Researchers used donor–acceptor (D–A) chemistry, a method widely employed in high‑performance plastics for electronics – creating some molecules that 'give up' electrons and others that 'take in' electrons in controlled sequences.
Using advanced microscopes that can image individual molecules and even resolve atoms and chemical bonds within them, they could see the exact shape of each nanoribbon whilst detecting tiny irregularities and measuring how electrons behave within the ribbons.
Traditionally, nanoribbons have been made from graphene, which does not naturally behave as a semiconductor unless reshaped into nanoribbons or chemically modified with other elements. Even then, controlling the material's electrical behaviour has been difficult.
Researchers led by Davide Bonifazi at the University of Vienna designed and synthesised two special molecules - an electron donor and an electron acceptor. The Warwick-Birmingham team then placed these molecules onto a gold surface in a vacuum and heated them so they would naturally join into nanoribbons, producing donor-only ribbons, acceptor-only ribbons, and mixed D–A.
Davide Bonifazi said: "By embedding donor–acceptor concepts into these on-surface fabrication strategies it became possible to prepare extended nanoribbon structures that are otherwise difficult to make in solution."
James Lawrence, who co-led much of this work as a PhD student at the University of Warwick and is now at the National University of Singapore, said: "This research creates a new toolbox for building electronic materials with atomic precision. Building nanoribbons directly on a metal surface can produce perfectly defined structures, which is difficult to achieve using traditional chemistry."
Researchers discovered that as they heated the D and A molecules, these lost bromine atoms and bonded into chains. The shape of the chains depended on how the molecules met, and impurities sometimes caused bends or defects.
Longer all-D ribbons became better electron donors, while longer all-A ribbons became stronger electron acceptors. In mixed ribbons, the electronic properties depended on the precise sequence of D and A units. By establishing a simple theoretical model to describe this relationship, the researchers provide a foundation for designing materials with application-specific electronic behaviour through controlled subunit composition.
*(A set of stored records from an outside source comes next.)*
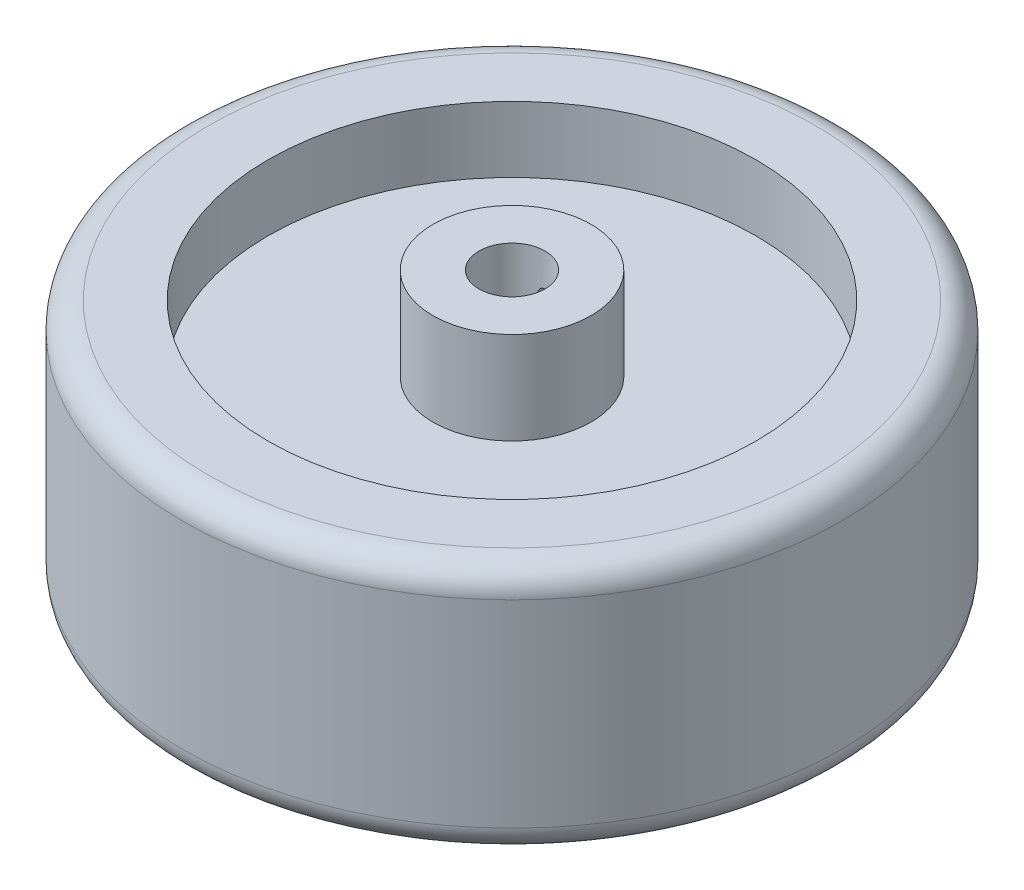
SolidWorks part; units mm, degrees
ref_plane "前视基准面" through (0, 0, 0) normal (0, 0, 1) x (1, 0, 0)
ref_plane "上视基准面" through (0, 0, 0) normal (0, 1, 0) x (1, 0, 0)
ref_plane "右视基准面" through (0, 0, 0) normal (1, 0, 0) x (0, 0, -1)
sketch "Sketch1" plane through (0, 0, 0) normal (0, 1, 0) x (1, 0, 0)
  circle A0 centre (0, 0) radius 50
extrude "Extrude1" add sketch "Sketch1" along normal blind 38
sketch "Sketch2" plane through (0, 0, 0) normal (0, -1, 0) x (1, 0, 0)
  circle A0 centre (0, 0) radius 12
extrude "Extrude2" add sketch "Sketch2" along normal blind 4 and the other way offset from surface (42 mm away) 4 other way up to face at (0, 38, 50)
sketch "Sketch3" plane through (0, -4, 0) normal (0, -1, 0) x (1, 0, 0)
  circle A0 centre (0, 0) radius 5
extrude "Extrude3" cut sketch "Sketch3" against normal blind 77
sketch "Sketch4" plane through (0, 0, 0) normal (0, -1, 0) x (1, 0, 0)
  circle A0 centre (0, 0) radius 37
  circle A1 centre (0, 0) radius 12
  circle A2 centre (0, 0) radius 12
  dimension "D1" = 0
  dimension "D2" = 25
extrude "Extrude4" cut sketch "Sketch4" against normal blind 10
sketch "Sketch5" plane through (0, 38, 0) normal (0, 1, 0) x (1, 0, 0)
  circle A0 centre (0, 0) radius 12 construction
  circle A1 centre (0, 0) radius 37
  circle A2 centre (0, 0) radius 37
  circle A3 centre (0, 0) radius 12
  dimension "D1" = 0
extrude "Extrude6" cut sketch "Sketch5" against normal blind 10
fillet "Fillet1" radius 4 2 edges at (0, 38, 50) (0, 0, 50)
sketch "Sketch6" plane through (0, 0, 0) normal (0, 0, 1) x (1, 0, 0)
  circle A0 centre (0, 36) radius 1
extrude "Extrude7" cut sketch "Sketch6" against normal blind 12

Gabriele Sosso, who oversaw the computational aspects of the work at the University of Warwick, said: "From a modelling perspective, these nanoribbons show how atomic-scale design can be used to fine-tune real world electronic properties. Capturing the effects of the supporting surface and local environment will be key to guiding this approach further."
The next step is to apply this approach to design materials with targeted properties for organic electronics, bioelectronics, and photovoltaics.